Search code examples
apache-flink

Handle Checkpoint timeouts in Apache Flink Long Running Event


We have an application where we have a set of rules and members. Whenever a new rule comes as an event, we need to run this rule across all the members present. There are millions of members and this is stored in the Keyed state.

This event takes hours to process and works when checkpoints are not enabled. When checkpoints are enabled it's getting timed out after 10 mins.

One of the solutions I was thinking of was to split the job into two.

  • The first job will take the rule event. Form a Tuple<Rule, Member> and publish it to an intermediate Kafka. This job replicates the rule event for each of the members.
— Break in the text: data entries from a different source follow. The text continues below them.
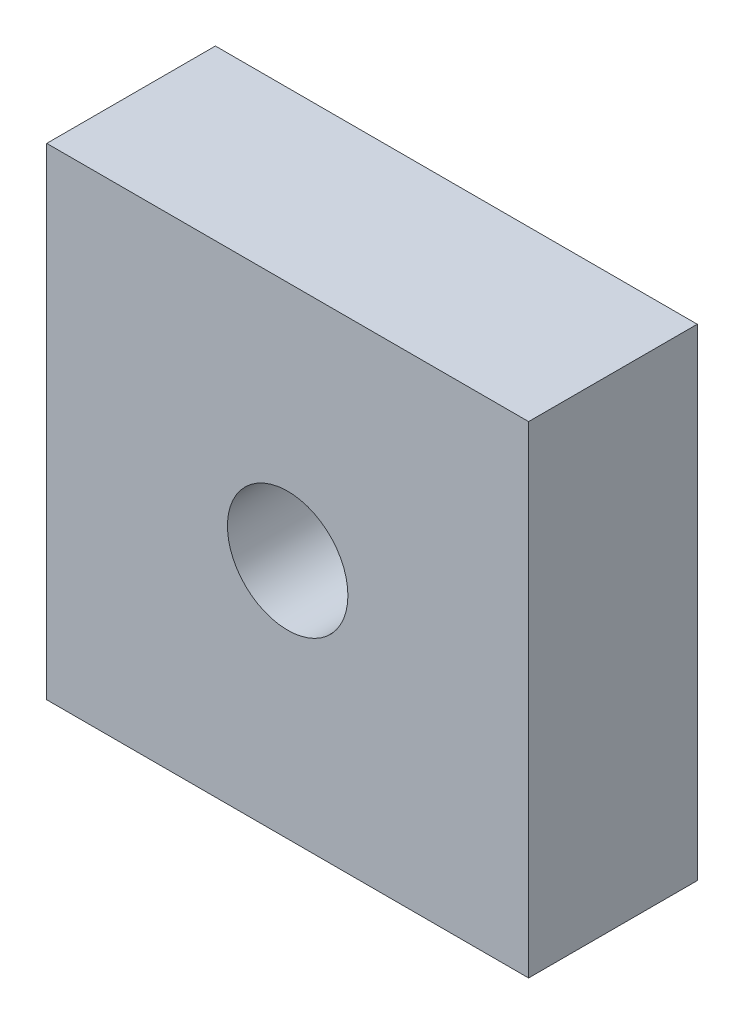
from build123d import *

# Parameters (mm, degrees)
ESBO_O1_W                = 20
ESBO_O1_H                = 20
ESBO_O1_R                = 2.5
RESSALTO_EXTRUS_O1_DEPTH = 7


with BuildPart() as part:
    # Esboço1 → Ressalto-extrusão1 (new body)
    with BuildSketch(Plane.XY):
        Rectangle(ESBO_O1_W, ESBO_O1_H)
        Circle(ESBO_O1_R, mode=Mode.SUBTRACT)
    extrude(amount=RESSALTO_EXTRUS_O1_DEPTH)


solid = part.part
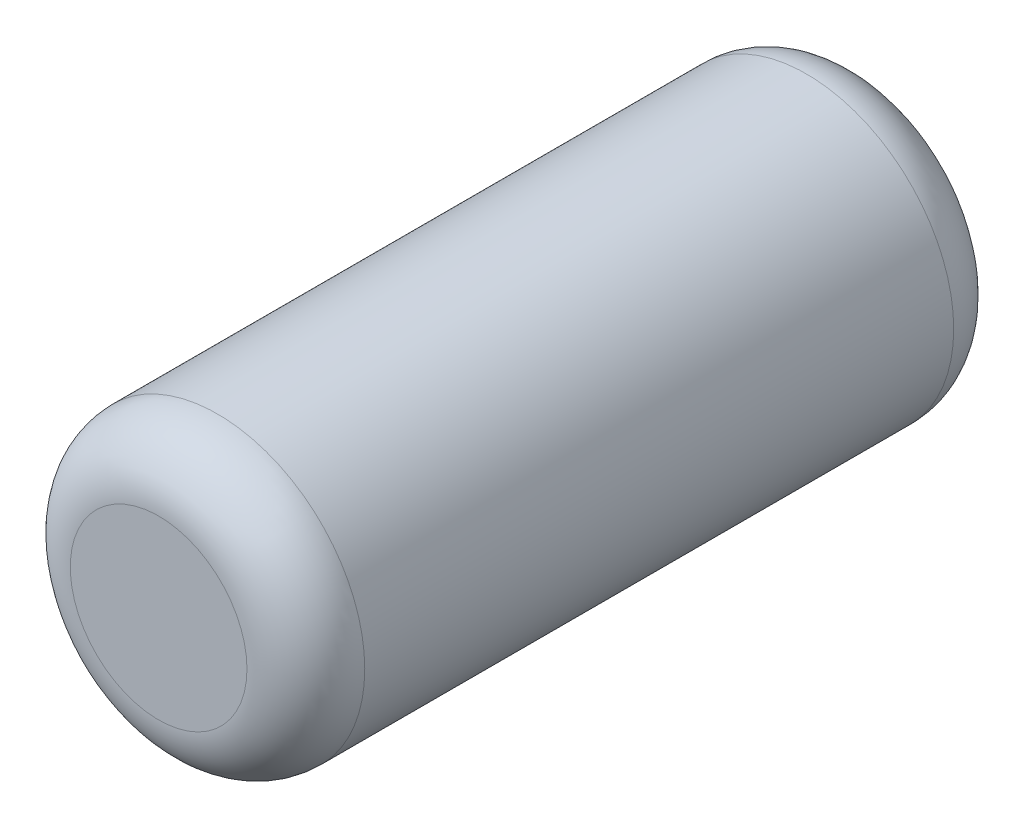
from build123d import *

# Parameters (mm, degrees)
SKETCH1_R           = 2.5
BOSS_EXTRUDE1_DEPTH = 12
FILLET1_R           = 1
SCALE1_SCALE        = 0.7


with BuildPart() as part:
    # Sketch1 → Boss-Extrude1 (new body)
    with BuildSketch(Plane(origin=(0, 0, 0), x_dir=(0, 1, 0), z_dir=(0, 0, 1))):
        with Locations(Location((0, 0, 0), (0, 0, 270))):
            Circle(SKETCH1_R)
    extrude(amount=-BOSS_EXTRUDE1_DEPTH)

    # Fillet1
    fillet1_edges = [part.edges().sort_by_distance(p)[0] for p in [
        (-2.5, 0, 0),
        (-2.5, 0, -12),
    ]]
    fillet(fillet1_edges, radius=FILLET1_R)


with BuildPart() as part_1:
    # Scale1: scaled about (0, 0, -6)
    add(part.part.scale(SCALE1_SCALE).moved(Location((0, 0, -1.8))))


solid = part_1.part
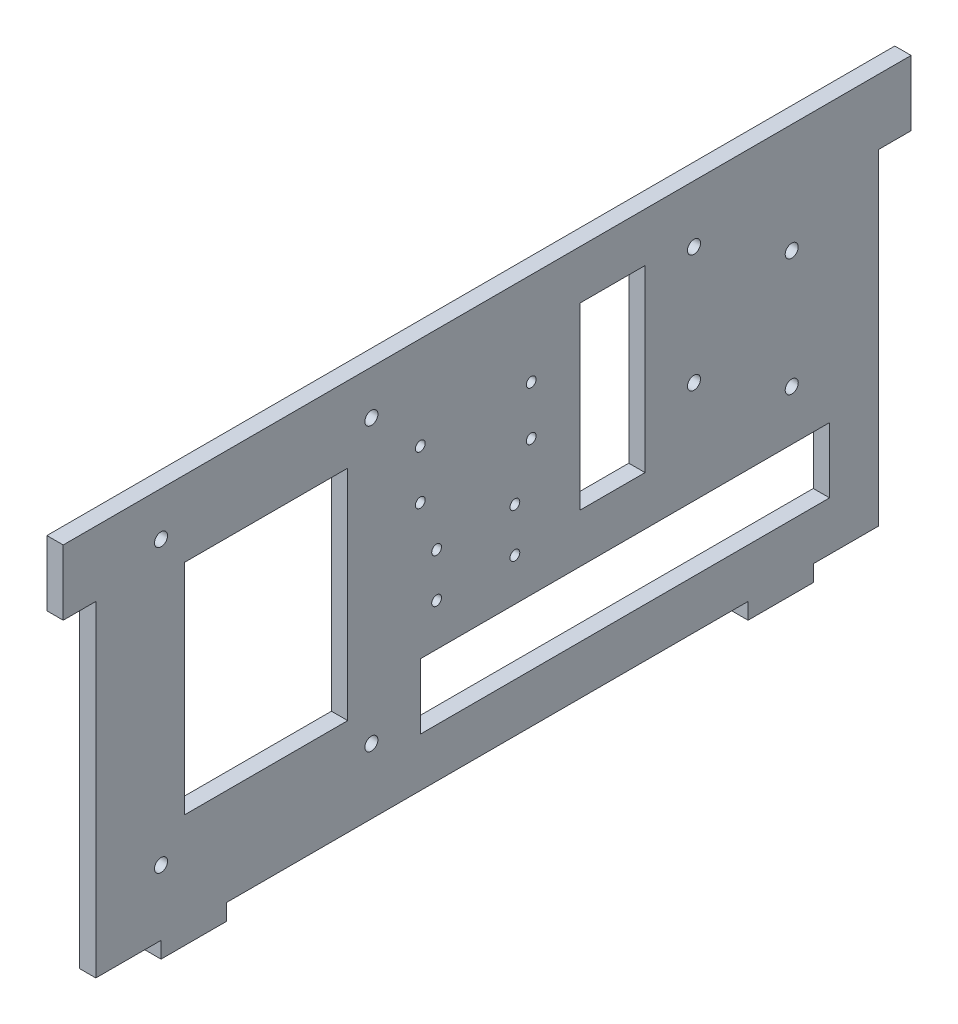
from build123d import *

# Parameters (mm, degrees)
SKIZZE2_W                       = 240
SKIZZE2_H                       = 120
SKIZZE2_W_2                     = 10
SKIZZE2_H_2                     = 20
SKIZZE2_W_3                     = 20
SKIZZE2_H_3                     = 5
AUFSATZ_LINEAR_AUSTRAGEN1_DEPTH = 5
SKIZZE3_R                       = 2
SKIZZE3_R_2                     = 1.5
SCHNITT_LINEAR_AUSTRAGEN1_DEPTH = 146.430395722
SKIZZE4_R                       = 2
SCHNITT_LINEAR_AUSTRAGEN2_DEPTH = 146.430395722
SKIZZE6_W                       = 50
SKIZZE6_H                       = 67.054263566
SKIZZE6_W_2                     = 125.5
SKIZZE6_H_2                     = 20
SKIZZE6_W_3                     = 19.924
SKIZZE6_H_3                     = 55
SCHNITT_LINEAR_AUSTRAGEN3_DEPTH = 146.430395722


with BuildPart() as part:
    # Skizze2 → Aufsatz-Linear austragen1 (new body)
    with BuildSketch(Plane(origin=(0, 0, 0), x_dir=(0, 0, -1), z_dir=(1, 0, 0))):
        Rectangle(SKIZZE2_W, SKIZZE2_H)
        with Locations((-125, 50)):
            Rectangle(SKIZZE2_W_2, SKIZZE2_H_2)
        with Locations((125, 50)):
            Rectangle(SKIZZE2_W_2, SKIZZE2_H_2)
        with Locations((-90, -62.5)):
            Rectangle(SKIZZE2_W_3, SKIZZE2_H_3)
        with Locations((90, -62.5)):
            Rectangle(SKIZZE2_W_3, SKIZZE2_H_3)
    extrude(amount=AUFSATZ_LINEAR_AUSTRAGEN1_DEPTH)

    # Skizze3 → Schnitt-Linear austragen1 (cut, through all)
    with BuildSketch(Plane.ZY):
        with Locations((35.5, 46.5)):
            Circle(SKIZZE3_R)
        with Locations((100, 46.5)):
            Circle(SKIZZE3_R)
        with Locations((100, -40)):
            Circle(SKIZZE3_R)
        with Locations((35.5, -40)):
            Circle(SKIZZE3_R)
        with Locations((20.5, 31.5)):
            Circle(SKIZZE3_R_2)
        with Locations((-13.5, 31.5)):
            Circle(SKIZZE3_R_2)
        with Locations((-13.5, 16.5)):
            Circle(SKIZZE3_R_2)
        with Locations((20.5, 16.5)):
            Circle(SKIZZE3_R_2)
        with Locations((15.5, 1.5)):
            Circle(SKIZZE3_R_2)
        with Locations((15.5, -12)):
            Circle(SKIZZE3_R_2)
        with Locations((-8.5, 1.5)):
            Circle(SKIZZE3_R_2)
        with Locations((-8.5, -12)):
            Circle(SKIZZE3_R_2)
    extrude(amount=-SCHNITT_LINEAR_AUSTRAGEN1_DEPTH, mode=Mode.SUBTRACT)

    # Skizze4 → Schnitt-Linear austragen2 (cut, through all)
    with BuildSketch(Plane(origin=(5, 0, 0), x_dir=(0, 0, -1), z_dir=(1, 0, 0))):
        with Locations((63.424, 42.46)):
            Circle(SKIZZE4_R)
        with Locations((93.396, 26.46)):
            Circle(SKIZZE4_R)
        with Locations((63.424, 6.38)):
            Circle(SKIZZE4_R)
        with Locations((93.396, -9.62)):
            Circle(SKIZZE4_R)
    extrude(amount=-SCHNITT_LINEAR_AUSTRAGEN2_DEPTH, mode=Mode.SUBTRACT)

    # Skizze6 → Schnitt-Linear austragen3 (cut, through all)
    with BuildSketch(Plane(origin=(5, 0, 0), x_dir=(0, 0, -1), z_dir=(1, 0, 0))):
        with Locations((-67.75, 3.25)):
            Rectangle(SKIZZE6_W, SKIZZE6_H)
        with Locations((42.25, -35)):
            Rectangle(SKIZZE6_W_2, SKIZZE6_H_2)
        with Locations((38.462, 17.5)):
            Rectangle(SKIZZE6_W_3, SKIZZE6_H_3)
    extrude(amount=-SCHNITT_LINEAR_AUSTRAGEN3_DEPTH, mode=Mode.SUBTRACT)


solid = part.part
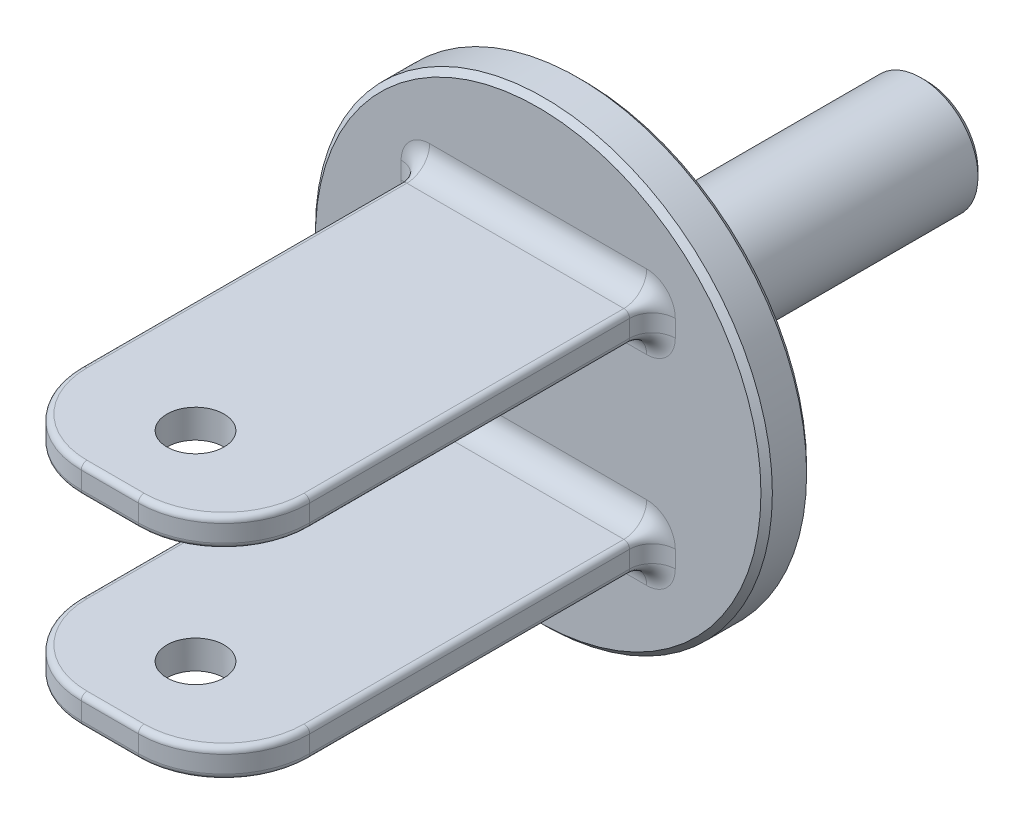
from build123d import *

# Parameters (mm, degrees)
SKETCH2_R                      = 40
BOSS_EXTRUDE1_DEPTH            = 8
SKETCH3_W                      = 40
SKETCH3_H                      = 5
BOSS_EXTRUDE2_DEPTH            = 75
FILLET1_R                      = 15
FILLET3_R                      = 1
FILLET5_R                      = 4
FILLET1_OF_MIRROR3_R           = 15
FILLET3_OF_MIRROR3_R           = 1
FILLET5_OF_MIRROR3_R           = 4
CUT_EXTRUDE5_REACH             = 102.444
SKETCH6_R                      = 5
CUT_EXTRUDE5_DIRECTION_2_REACH = 102.444
SKETCH12_R                     = 10
SKETCH12_R_2                   = 7.5
BOSS_EXTRUDE6_DEPTH            = 60
CHAMFER2_SIZE                  = 1


with BuildPart() as part:
    # Sketch2 → Boss-Extrude1 (new body)
    with BuildSketch(Plane.XY):
        Circle(SKETCH2_R)
    extrude(amount=BOSS_EXTRUDE1_DEPTH)

    # Sketch3 → Boss-Extrude2 (add)
    with BuildSketch(Plane.XY.offset(8)):
        with Locations((0, 17.5)):
            Rectangle(SKETCH3_W, SKETCH3_H)
    boss_extrude2 = extrude(amount=BOSS_EXTRUDE2_DEPTH)

    # Fillet1
    fillet1_edges = [part.edges().sort_by_distance(p)[0] for p in [
        (-20, 17.5, 83),
        (20, 17.5, 83),
    ]]
    fillet(fillet1_edges, radius=FILLET1_R)

    # Fillet3
    fillet3_edges = [part.edges().sort_by_distance(p)[0] for p in [
        (0, 15, 83),
        (0, 20, 83),
        (-20, 20, 38),
        (20, 20, 38),
        (-15.606601718, 20, 78.606601718),
        (15.606601718, 20, 78.606601718),
        (20, 15, 38),
        (-20, 15, 38),
        (-15.606601718, 15, 78.606601718),
        (15.606601718, 15, 78.606601718),
    ]]
    fillet(fillet3_edges, radius=FILLET3_R)

    # Fillet5
    fillet5_edges = [part.edges().sort_by_distance(p)[0] for p in [
        (0, 20, 8),
        (20, 17.5, 8),
        (-20, 17.5, 8),
        (0, 15, 8),
        (19.707106781, 19.707106781, 8),
        (-19.707106781, 19.707106781, 8),
        (19.707106781, 15.292893219, 8),
        (-19.707106781, 15.292893219, 8),
    ]]
    fillet(fillet5_edges, radius=FILLET5_R)

    # Mirror3: Boss-Extrude2 across plane
    add(boss_extrude2.mirror(Plane.ZX))

    # Fillet1 of Mirror3
    fillet1_of_mirror3_edges = [part.edges().sort_by_distance(p)[0] for p in [
        (-20, -17.5, 83),
        (20, -17.5, 83),
    ]]
    fillet(fillet1_of_mirror3_edges, radius=FILLET1_OF_MIRROR3_R)

    # Fillet3 of Mirror3
    fillet3_of_mirror3_edges = [part.edges().sort_by_distance(p)[0] for p in [
        (0, -15, 83),
        (0, -20, 83),
        (-20, -20, 38),
        (20, -20, 38),
        (-15.606601718, -20, 78.606601718),
        (15.606601718, -20, 78.606601718),
        (20, -15, 38),
        (-20, -15, 38),
        (-15.606601718, -15, 78.606601718),
        (15.606601718, -15, 78.606601718),
    ]]
    fillet(fillet3_of_mirror3_edges, radius=FILLET3_OF_MIRROR3_R)

    # Fillet5 of Mirror3
    fillet5_of_mirror3_edges = [part.edges().sort_by_distance(p)[0] for p in [
        (0, -20, 8),
        (20, -17.5, 8),
        (-20, -17.5, 8),
        (0, -15, 8),
        (19.707106781, -19.707106781, 8),
        (-19.707106781, -19.707106781, 8),
        (19.707106781, -15.292893219, 8),
        (-19.707106781, -15.292893219, 8),
    ]]
    fillet(fillet5_of_mirror3_edges, radius=FILLET5_OF_MIRROR3_R)

    # Cut-Extrude5: up to this face of the body (flat: up to its plane)
    cut_extrude5_end = Plane(part.part.faces().sort_by_distance((0, 20, 45.959084637))[0])
    # Sketch6 → Cut-Extrude5 (cut, up to the picked face)
    with BuildSketch(Plane(origin=(0, 0, 0), x_dir=(1, 0, 0), z_dir=(0, 1, 0)), mode=Mode.PRIVATE) as cut_extrude5_sk1:
        with Locations((0, -68)):
            Circle(SKETCH6_R)
    cut_extrude5_tool1 = split(extrude(cut_extrude5_sk1.sketch, amount=CUT_EXTRUDE5_REACH, mode=Mode.PRIVATE), bisect_by=cut_extrude5_end, keep=Keep.BOTH, mode=Mode.PRIVATE)
    add(cut_extrude5_tool1.solids().sort_by(Axis((0, 0, 68), (0, 1, 0)))[0], mode=Mode.SUBTRACT)

    # Sketch6 → Cut-Extrude5 direction 2 (cut, up to next)
    with BuildSketch(Plane(origin=(0, 0, 0), x_dir=(1, 0, 0), z_dir=(0, 1, 0)), mode=Mode.PRIVATE) as cut_extrude5_direction_2_sk1:
        with Locations((0, -68)):
            Circle(SKETCH6_R)
    cut_extrude5_direction_2_tool1 = extrude(cut_extrude5_direction_2_sk1.sketch, amount=-CUT_EXTRUDE5_DIRECTION_2_REACH, mode=Mode.PRIVATE) & part.part
    add(cut_extrude5_direction_2_tool1.solids().sort_by_distance((0, 0, 68))[0], mode=Mode.SUBTRACT)

    # Sketch12 → Boss-Extrude6 (add)
    with BuildSketch(Plane.XY):
        Circle(SKETCH12_R)
        Circle(SKETCH12_R_2, mode=Mode.SUBTRACT)
    extrude(amount=-BOSS_EXTRUDE6_DEPTH)

    # Chamfer2
    chamfer2_edges = [part.edges().sort_by_distance(p)[0] for p in [
        (-40, 0, 0),
        (-10, 0, -60),
        (-40, 0, 8),
    ]]
    chamfer(chamfer2_edges, length=CHAMFER2_SIZE)


solid = part.part

  • In the second job, the actual rule processing will happen.

Is there a better way to handle this scenario?

Edit

Following are the steps that I am doing in the current job.

memberStream.keyBy("key is membership number")
  .connect(ruleStream.broadcast())
  .process(
    // This operator stores the member state when member event comes
    // When rule event comes it forms a Tuple<Rule, Member> for each of the members in the state and forward it to the next operator
  )
  .flatMap(
    // does the rule processing
  )
  .addSink(
    // Write to DB
  );

Solution

  • The reason why the job is failing is that a checkpoint is timing out, which is happening because the operator with the keyed state is running for hours in response to a single event. This prevents the checkpoint barrier from triggering the checkpoint in that operator, and then continuing downstream.

    You've proposed having the operator with the keyed state emit a Tuple<Rule, Member> for each affected Member, and sending those tuples to an another job (via Kafka). An alternative would be to put that rule processing logic in the original job, but in an operator downstream of the operator holding all of the keyed state. Go ahead and emit the tuples, as proposed, but process them in the original job. You'll also need to enable unaligned checkpointing, so that the checkpoints can complete before timing out.

    One potential problem with this alternative is that the checkpoints taken during rule processing will become larger, but if there will only be millions of these tuples, that shouldn't be too painful.

    (Another approach would be to put a flatmap in front of the operator with all of the keyed member state that expands each new rule into 100 new rules, each affecting only 1% of the members. Same basic idea, just turning it around.)